Now I am just left wondering what happened :slight_smile:

That one was new to me too, but there were a lengthy example and as far as I could understand, then the issue was that multiple sources interfaces on a host can lead to the sameinterfaces on a destination host, but with different routes for each source interface.

Do you have a link to that discussion? As DNS by itself is not interface-specific, and there is no interface-scoping for the responses, I would like to understand what this is about. It is true that you can make decisions on where to send the queries, but that is done based on the name that is being queried, not the IP address of the resolved record. And once the response arrives, the routing decisions of the packets themselves are independent of where the DNS response came from. DNS and routing work on different levels.

I found it in a couple of places.
I tried to love ok through my browser history and I found it first here in section 6.3.1.
https://www.rfc-editor.org/rfc/rfc6147

I later found it in regards with normal DNS too, but I looked at so many DNS and IPv6 RFCs that it is a huge task to go through them all.

Ok, thanks.
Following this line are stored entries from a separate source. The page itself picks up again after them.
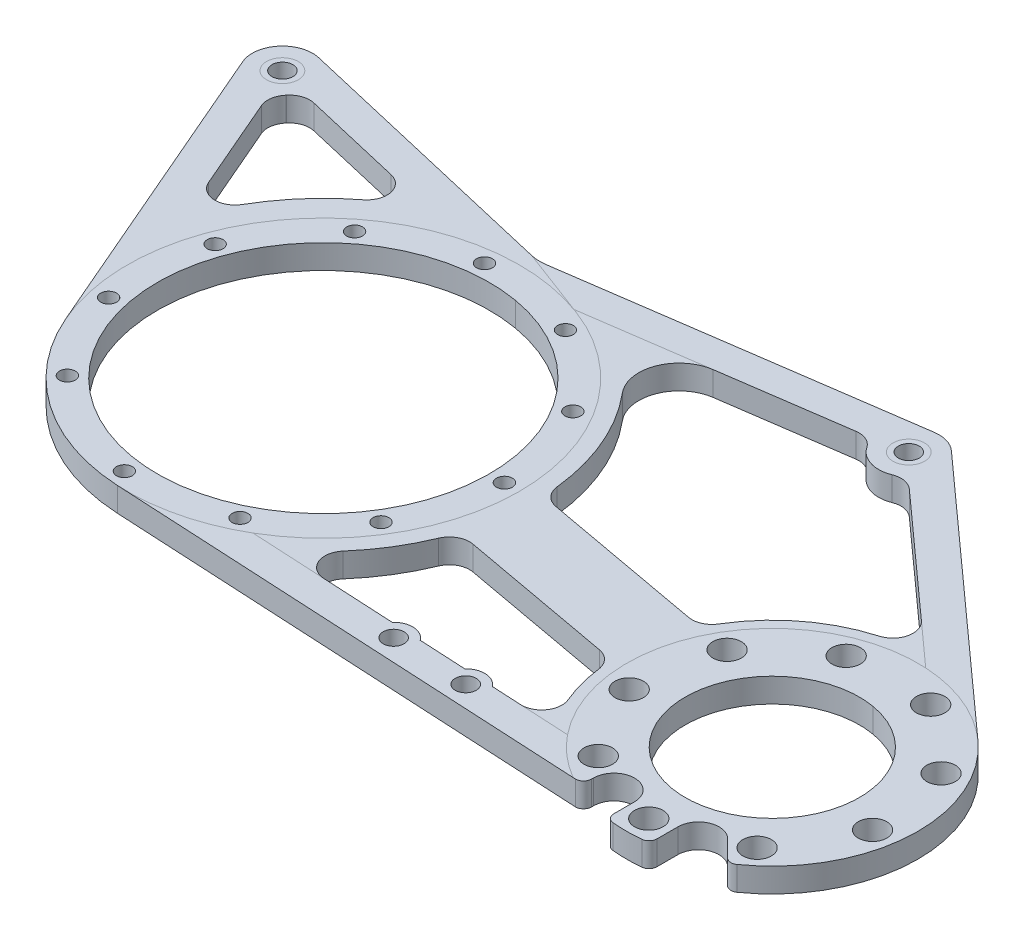
SolidWorks part; units mm, degrees
material "6061-T6 (SS)"
ref_plane "X-Y Datum" through (0, 0, 0) normal (0, 0, 1) x (1, 0, 0)
ref_plane "X-Z Datum" through (0, 0, 0) normal (0, 1, 0) x (1, 0, 0)
ref_plane "Y-Z Datum" through (0, 0, 0) normal (1, 0, 0) x (0, 0, -1)
sketch "Sketch2" plane through (0, 31.3819, 0) normal (0, 1, 0) x (1, 0, 0)
  line L0 (-693.7583, -176.702) -> (-693.7583, -183.2747) construction
  line L1 (-680.0808, -183.2747) -> (-680.0808, -176.702) construction
  line L2 (-668.9846, -172.1058) -> (-663.7197, -177.3707) construction
  line L3 (-693.7583, -176.702) -> (-693.7583, -183.2747)
  line L4 (-680.0808, -183.2747) -> (-680.0808, -176.702)
  line L5 (-668.9846, -172.1058) -> (-663.7197, -177.3707)
  line L6 (-966.641, -0.354) -> (-738.041, -0.354)
  line L7 (-727.7656, -5.5904) -> (-649.7224, -113.0358)
  line L9 (-977.8288, -19.0644) -> (-913.2312, -139.3061)
  line L10 (-706.7583, -177.279) -> (-706.7583, -176.702) construction
  line L11 (-706.7583, -177.279) -> (-706.7583, -176.702)
  line L12 (-861.9259, -171.8334) -> (-709.2983, -179.819)
  line L13 (-858.691, -110.0055) -> (-686.9195, -140.054) construction
  line L14 (-972.26, -24.9963) -> (-955.4664, -39.59) construction
  line L15 (-941.4162, -26.937) -> (-954.1775, -8.712) construction
  line L16 (-751.1929, -14.159) -> (-755.4346, -35.9995) construction
  line L17 (-737.4517, -41.8408) -> (-728.049, -21.6768) construction
  line L18 (-972.26, -24.9963) -> (-955.4664, -39.59)
  line L19 (-941.4162, -26.937) -> (-954.1775, -8.712)
  line L20 (-751.1929, -14.159) -> (-755.4346, -35.9995)
  line L21 (-737.4517, -41.8408) -> (-728.049, -21.6768)
  line L22 (-949.2186, -22.8753) -> (-746.0843, -28.2904)
  line L23 (-739.7146, -30.7335) -> (-656.1751, -105.8723)
  line L24 (-957.9647, -36.1729) -> (-915.5404, -134.527)
  arc A0 (-710.607, -179.4559) -> (-706.7583, -177.279) centre (-709.2983, -177.279) ccw construction
  arc A1 (-693.7583, -176.702) -> (-706.7583, -176.702) centre (-700.2583, -176.702) ccw construction
  arc A2 (-693.7583, -183.2747) -> (-691.4697, -185.8023) centre (-691.2183, -183.2747) ccw construction
  arc A3 (-691.4697, -185.8023) -> (-682.3694, -185.8023) centre (-686.9195, -140.054) ccw construction
  arc A4 (-682.3694, -185.8023) -> (-680.0808, -183.2747) centre (-682.6208, -183.2747) ccw construction
  arc A5 (-668.9846, -172.1058) -> (-680.0808, -176.702) centre (-673.5808, -176.702) ccw construction
  arc A6 (-663.7197, -177.3707) -> (-660.4619, -177.6519) centre (-661.9236, -175.5746) ccw construction
  arc A7 (-660.4619, -177.6519) -> (-710.607, -179.4559) centre (-686.9195, -140.054) ccw construction
  circle A8 centre (-858.691, -110.0055) radius 52.3875 construction
  circle A9 centre (-858.691, -110.0055) radius 61.9125 construction
  circle A10 centre (-738.041, -13.054) radius 12.7 construction
  circle A11 centre (-966.641, -13.054) radius 12.7 construction
  arc A12 (-710.607, -179.4559) -> (-706.7583, -177.279) centre (-709.2983, -177.279) ccw
  arc A13 (-693.7583, -176.702) -> (-706.7583, -176.702) centre (-700.2583, -176.702) ccw
  arc A14 (-693.7583, -183.2747) -> (-691.4697, -185.8023) centre (-691.2183, -183.2747) ccw
  arc A15 (-691.4697, -185.8023) -> (-682.3694, -185.8023) centre (-686.9195, -140.054) ccw
  arc A16 (-682.3694, -185.8023) -> (-680.0808, -183.2747) centre (-682.6208, -183.2747) ccw
  arc A17 (-668.9846, -172.1058) -> (-680.0808, -176.702) centre (-673.5808, -176.702) ccw
  arc A18 (-663.7197, -177.3707) -> (-660.4619, -177.6519) centre (-661.9236, -175.5746) ccw
  arc A19 (-660.4619, -177.6519) -> (-710.607, -179.4559) centre (-686.9195, -140.054) ccw
  circle A20 centre (-858.691, -110.0055) radius 52.3875
  circle A21 centre (-858.691, -110.0055) radius 61.9125
  circle A22 centre (-738.041, -13.054) radius 12.7
  circle A23 centre (-966.641, -13.054) radius 12.7
  circle A31 centre (-864.6648, -166.8424) radius 2.5 construction
  circle A39 centre (-864.6648, -166.8424) radius 2.5
  circle A40 centre (-686.9195, -140.054) radius 27.4955 construction
  circle A41 centre (-686.9195, -140.054) radius 27.4955
  circle A42 centre (-711.9883, -169.9297) radius 4.5 construction
  circle A43 centre (-725.3271, -146.8263) radius 4.5 construction
  circle A44 centre (-720.6945, -120.554) radius 4.5 construction
  circle A45 centre (-700.2583, -103.406) radius 4.5 construction
  circle A46 centre (-673.5808, -103.406) radius 4.5 construction
  circle A47 centre (-653.1446, -120.554) radius 4.5 construction
  circle A48 centre (-648.512, -146.8263) radius 4.5 construction
  circle A49 centre (-661.8508, -169.9297) radius 4.5 construction
  circle A50 centre (-686.9195, -179.054) radius 4.5 construction
  circle A51 centre (-711.9883, -169.9297) radius 4.5
  circle A52 centre (-725.3271, -146.8263) radius 4.5
  circle A53 centre (-720.6945, -120.554) radius 4.5
  circle A54 centre (-700.2583, -103.406) radius 4.5
  circle A55 centre (-673.5808, -103.406) radius 4.5
  circle A56 centre (-653.1446, -120.554) radius 4.5
  circle A57 centre (-648.512, -146.8263) radius 4.5
  circle A58 centre (-661.8508, -169.9297) radius 4.5
  circle A59 centre (-686.9195, -179.054) radius 4.5
  circle A60 centre (-966.641, -13.054) radius 3.3
  circle A61 centre (-738.041, -13.054) radius 3.3
  arc A62 (-955.4664, -39.59) -> (-941.4162, -26.937) centre (-949.2186, -32.4003) ccw construction
  arc A63 (-749.3237, -37.1863) -> (-742.8448, -38.4445) centre (-746.0843, -37.8154) ccw construction
  arc A64 (-742.8448, -38.4445) -> (-749.3237, -37.1863) centre (-746.0843, -37.8154) ccw construction
  arc A65 (-755.4346, -35.9995) -> (-737.4517, -41.8408) centre (-746.0843, -37.8154) ccw construction
  arc A66 (-955.4664, -39.59) -> (-941.4162, -26.937) centre (-949.2186, -32.4003) ccw
  arc A67 (-749.3237, -37.1863) -> (-742.8448, -38.4445) centre (-746.0843, -37.8154) ccw
  arc A68 (-742.8448, -38.4445) -> (-749.3237, -37.1863) centre (-746.0843, -37.8154) ccw
  arc A69 (-755.4346, -35.9995) -> (-737.4517, -41.8408) centre (-746.0843, -37.8154) ccw
  circle A70 centre (-949.2186, -32.4003) radius 3.3
  circle A71 centre (-949.2186, -32.4003) radius 9.525
  circle A72 centre (-746.0843, -37.8154) radius 9.525
  point P94 (-949.2186, -32.4003)
  dimension "D1" = 6.6
  dimension "D2" = 6.6
  dimension "D3" = 6.6
extrude "Boss-Extrude1" add sketch "Sketch2" along normal blind 7.62 contours A21 A39 A20 | A18 A19 A12 L11 A13 L3 A14 A15 A16 L4 A17 L5 A59 A58 A57 A56 A55 A54 A53 A52 A51 A41 | L13 A21 L12 A12 A19 | A21 L13 A19 L23 L21 A69 L20 L22 L19 A66 L18 L24 | A69 A72 A68 A67 | A72 L22 L20 | A72 L21 L23 | A71 L24 L18 | A71 L19 L22 | A71 A66 L22 A70 region at (-700.2583, 31.3819, 168.9016) region at (-773.051, 31.3819, 154.3682) region at (-890.9045, 31.3819, 160.8157) region at (-806.8861, 31.3819, 67.2042) region at (-956.9478, 31.3819, 38.0512) region at (-736.2382, 31.3819, 35.8095) region at (-956.6903, 31.3819, 37.8629) region at (-748.9437, 31.3819, 46.6182) region at (-752.4763, 31.3819, 29.8585) region at (-944.5842, 31.3819, 23.8004)
sketch "Sketch3" plane through (0, 31.3819, 0) normal (0, -1, 0) x (1, 0, 0)
  line L1 (-949.2186, 22.8753) -> (-746.0843, 28.2904) construction
  line L5 (-861.9259, 171.8334) -> (-709.2983, 179.819) construction
  line L6 (-977.8288, 19.0644) -> (-913.2312, 139.3061) construction
  line L7 (-727.7656, 5.5904) -> (-649.7224, 113.0358) construction
  line L13 (-751.1929, 14.159) -> (-755.4346, 35.9995) construction
  line L16 (-966.641, 0.354) -> (-738.041, 0.354) construction
  line L19 (-663.7197, 177.3707) -> (-668.9846, 172.1058)
  line L20 (-680.0808, 176.702) -> (-680.0808, 183.2747)
  line L21 (-693.7583, 183.2747) -> (-693.7583, 176.702)
  line L22 (-706.7583, 176.702) -> (-706.7583, 177.279)
  line L23 (-663.7197, 177.3707) -> (-668.9846, 172.1058)
  line L24 (-680.0808, 176.702) -> (-680.0808, 183.2747)
  line L25 (-693.7583, 183.2747) -> (-693.7583, 176.702)
  line L26 (-706.7583, 176.702) -> (-706.7583, 177.279)
  line L28 (-861.9259, 171.8334) -> (-709.2983, 179.819)
  line L29 (-977.8288, 19.0644) -> (-913.2312, 139.3061)
  line L30 (-727.7656, 5.5904) -> (-649.7224, 113.0358)
  line L31 (-966.641, 0.354) -> (-738.041, 0.354)
  line L34 (-737.4517, 41.8408) -> (-728.049, 21.6768) construction
  line L35 (-972.26, 24.9963) -> (-955.4664, 39.59) construction
  line L36 (-947.0539, 23.1246) -> (-856.9722, 44.1471)
  line L37 (-856.9722, 44.1471) -> (-747.4408, 28.3875)
  line L44 (-941.4162, 26.937) -> (-954.1775, 8.712) construction
  line L45 (-957.9647, 36.1729) -> (-915.5404, 134.527) construction
  line L46 (-739.7146, 30.7335) -> (-656.1751, 105.8723) construction
  line L47 (-861.9259, 171.8334) -> (-709.2983, 179.819)
  line L48 (-977.8288, 19.0644) -> (-913.2312, 139.3061)
  line L49 (-727.7656, 5.5904) -> (-649.7224, 113.0358)
  line L50 (-966.641, 0.354) -> (-738.041, 0.354)
  line L51 (-949.2186, 22.8753) -> (-746.0843, 28.2904)
  line L52 (-751.1929, 14.159) -> (-755.4346, 35.9995)
  line L53 (-737.4517, 41.8408) -> (-728.049, 21.6768)
  line L54 (-972.26, 24.9963) -> (-955.4664, 39.59)
  line L55 (-941.4162, 26.937) -> (-954.1775, 8.712)
  line L56 (-957.9647, 36.1729) -> (-915.5404, 134.527)
  line L57 (-739.7146, 30.7335) -> (-656.1751, 105.8723)
  arc A1 (-737.4517, 41.8408) -> (-755.4346, 35.9995) centre (-746.0843, 37.8154) ccw construction
  circle A3 centre (-966.641, 13.054) radius 12.7
  circle A5 centre (-966.641, 13.054) radius 12.7
  circle A7 centre (-738.041, 13.054) radius 12.7
  circle A9 centre (-738.041, 13.054) radius 12.7
  circle A11 centre (-858.691, 110.0055) radius 61.9125
  circle A13 centre (-858.691, 110.0055) radius 61.9125
  circle A15 centre (-858.691, 110.0055) radius 52.3875
  circle A17 centre (-858.691, 110.0055) radius 52.3875
  circle A19 centre (-686.9195, 140.054) radius 27.4955
  circle A21 centre (-686.9195, 140.054) radius 27.4955
  circle A23 centre (-864.6648, 166.8424) radius 2.5
  circle A25 centre (-864.6648, 166.8424) radius 2.5
  circle A51 centre (-720.6945, 120.554) radius 4.5
  circle A52 centre (-720.6945, 120.554) radius 4.5
  circle A68 centre (-725.3271, 146.8263) radius 4.5
  circle A69 centre (-725.3271, 146.8263) radius 4.5
  circle A70 centre (-711.9883, 169.9297) radius 4.5
  circle A71 centre (-711.9883, 169.9297) radius 4.5
  circle A72 centre (-738.041, 13.054) radius 3.3
  circle A73 centre (-738.041, 13.054) radius 3.3
  circle A74 centre (-966.641, 13.054) radius 3.3
  circle A75 centre (-966.641, 13.054) radius 3.3
  circle A76 centre (-686.9195, 179.054) radius 4.5
  circle A77 centre (-686.9195, 179.054) radius 4.5
  circle A78 centre (-661.8508, 169.9297) radius 4.5
  circle A79 centre (-661.8508, 169.9297) radius 4.5
  circle A80 centre (-648.512, 146.8263) radius 4.5
  circle A81 centre (-648.512, 146.8263) radius 4.5
  circle A82 centre (-653.1446, 120.554) radius 4.5
  circle A83 centre (-653.1446, 120.554) radius 4.5
  circle A84 centre (-673.5808, 103.406) radius 4.5
  circle A85 centre (-673.5808, 103.406) radius 4.5
  circle A86 centre (-700.2583, 103.406) radius 4.5
  circle A87 centre (-700.2583, 103.406) radius 4.5
  arc A95 (-710.607, 179.4559) -> (-660.4619, 177.6519) centre (-686.9195, 140.054) ccw
  arc A96 (-660.4619, 177.6519) -> (-663.7197, 177.3707) centre (-661.9236, 175.5746) ccw
  arc A97 (-680.0808, 176.702) -> (-668.9846, 172.1058) centre (-673.5808, 176.702) ccw
  arc A98 (-680.0808, 183.2747) -> (-682.3694, 185.8023) centre (-682.6208, 183.2747) ccw
  arc A99 (-682.3694, 185.8023) -> (-691.4697, 185.8023) centre (-686.9195, 140.054) ccw
  arc A100 (-691.4697, 185.8023) -> (-693.7583, 183.2747) centre (-691.2183, 183.2747) ccw
  arc A101 (-706.7583, 176.702) -> (-693.7583, 176.702) centre (-700.2583, 176.702) ccw
  arc A102 (-706.7583, 177.279) -> (-710.607, 179.4559) centre (-709.2983, 177.279) ccw
  arc A103 (-710.607, 179.4559) -> (-660.4619, 177.6519) centre (-686.9195, 140.054) ccw
  arc A104 (-660.4619, 177.6519) -> (-663.7197, 177.3707) centre (-661.9236, 175.5746) ccw
  arc A105 (-680.0808, 176.702) -> (-668.9846, 172.1058) centre (-673.5808, 176.702) ccw
  arc A106 (-680.0808, 183.2747) -> (-682.3694, 185.8023) centre (-682.6208, 183.2747) ccw
  arc A107 (-682.3694, 185.8023) -> (-691.4697, 185.8023) centre (-686.9195, 140.054) ccw
  arc A108 (-691.4697, 185.8023) -> (-693.7583, 183.2747) centre (-691.2183, 183.2747) ccw
  arc A109 (-706.7583, 176.702) -> (-693.7583, 176.702) centre (-700.2583, 176.702) ccw
  arc A110 (-706.7583, 177.279) -> (-710.607, 179.4559) centre (-709.2983, 177.279) ccw
  circle A152 centre (-746.0843, 37.8154) radius 9.525
  circle A153 centre (-746.0843, 37.8154) radius 9.525
  circle A154 centre (-949.2186, 32.4003) radius 9.525
  circle A155 centre (-949.2186, 32.4003) radius 9.525
  circle A156 centre (-949.2186, 32.4003) radius 3.3
  circle A157 centre (-949.2186, 32.4003) radius 3.3
  arc A158 (-941.4162, 26.937) -> (-955.4664, 39.59) centre (-949.2186, 32.4003) ccw construction
  arc A159 (-742.8448, 38.4445) -> (-749.3237, 37.1863) centre (-746.0843, 37.8154) ccw
  arc A160 (-749.3237, 37.1863) -> (-742.8448, 38.4445) centre (-746.0843, 37.8154) ccw
  arc A161 (-742.8448, 38.4445) -> (-749.3237, 37.1863) centre (-746.0843, 37.8154) ccw
  arc A162 (-749.3237, 37.1863) -> (-742.8448, 38.4445) centre (-746.0843, 37.8154) ccw
  arc A163 (-737.4517, 41.8408) -> (-755.4346, 35.9995) centre (-746.0843, 37.8154) ccw
  arc A164 (-941.4162, 26.937) -> (-955.4664, 39.59) centre (-949.2186, 32.4003) ccw
  dimension "D24" = 0
  dimension "D25" = 0
  dimension "D26" = 90.0818
  dimension "D27" = 21.0225
  dimension "D1" = 0
  dimension "D2" = 0
  dimension "D3" = 0
  dimension "D4" = 0
  dimension "D5" = 0
  dimension "D6" = 0
  dimension "D14" = 0
  dimension "D15" = 0
  dimension "D16" = 0
  dimension "D17" = 0
  dimension "D18" = 0
  dimension "D19" = 0
  dimension "D20" = 0
  dimension "D21" = 0
  dimension "D22" = 0
  dimension "D23" = 0
  dimension "D52" = 0
  dimension "D53" = 0
  dimension "D54" = 0
  dimension "D55" = 0
ref_point "Point1"
ref_point "Point2"
ref_plane "Plane1" through (-858.691, 31.3819, 110.0055) normal (0.985, 0, 0.1723) x (0.1723, 0, -0.985)
ref_plane "Plane2" through (-686.9195, 31.3819, 140.054) normal (-0.985, 0, -0.1723) x (-0.1723, 0, 0.985)
split line "Split Line1"
split line "Split Line2"
ref_axis "Axis1" through (-858.691, 39.0019, 110.0055) along (0, -1, 0)
ref_axis "Axis2" through (-686.9195, 39.0019, 140.054) along (0, -1, 0)
extrude "Cut-Extrude1" cut sketch "Sketch3" against normal through all contours L36 L55 L51 L52 L37 | A155 L51 L55 L36 | A153 L37 L52 L51 region at (-751.5495, 31.3819, 28.5688) region at (-850.6911, 31.3819, 31.7926) region at (-945.2616, 31.3819, 23.2848)
fillet "Fillet2" radius 12.7 1 edges at (-856.9722, 35.1919, 44.1471)
sketch "Sketch4" plane through (0, 31.3819, 0) normal (0, -1, 0) x (1, 0, 0)
  line L0 (-861.9259, 171.8334) -> (-709.2983, 179.819) construction
  line L1 (-727.7656, 5.5904) -> (-649.7224, 113.0358) construction
  line L2 (-977.8288, 19.0644) -> (-913.2312, 139.3061) construction
  line L4 (-706.7583, 176.702) -> (-706.7583, 177.279)
  line L5 (-663.7197, 177.3707) -> (-668.9846, 172.1058)
  line L6 (-680.0808, 176.702) -> (-680.0808, 183.2747)
  line L7 (-693.7583, 183.2747) -> (-693.7583, 176.702)
  line L8 (-706.7583, 176.702) -> (-706.7583, 177.279)
  line L9 (-663.7197, 177.3707) -> (-668.9846, 172.1058)
  line L10 (-680.0808, 176.702) -> (-680.0808, 183.2747)
  line L11 (-693.7583, 183.2747) -> (-693.7583, 176.702)
  line L13 (-966.641, 0.354) -> (-738.041, 0.354) construction
  line L14 (-861.9259, 171.8334) -> (-709.2983, 179.819)
  line L15 (-727.7656, 5.5904) -> (-649.7224, 113.0358)
  line L16 (-977.8288, 19.0644) -> (-913.2312, 139.3061)
  line L17 (-861.9259, 171.8334) -> (-709.2983, 179.819) construction
  line L19 (-966.641, 0.354) -> (-738.041, 0.354)
  line L20 (-924.6037, 87.863) -> (-948.1369, 33.3048)
  line L21 (-948.1369, 33.3048) -> (-888.5504, 47.2106)
  line L22 (-732.3805, 168.4374) -> (-812.7818, 164.2308) construction
  line L23 (-812.7818, 164.2308) -> (-733.9678, 114.3873) construction
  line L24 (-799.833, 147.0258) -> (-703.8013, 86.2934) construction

I believe you might be referring mostly to either NAT64 prefix ambiguity or split horizon DNS. The RFC6147 issue is not precisely an interface issue, but rather a network/routing issue: if you get responses with a specific NAT64 gateway prefix, you better make sure you have a route towards that gateway.

But anyway, I believe those issues are not relevant to the discussion here, which is how HAOS deals with entries that have CNAME that points to an entry that has no AAAA.

Maybe not, but the fact is still that it is a systemd (just realized that my first post had systems written instead of systemd. Damn autocorrect!) issue and should probably be address by the maintainers there.
Systemd is not a HAOS thing, but a Linux thing.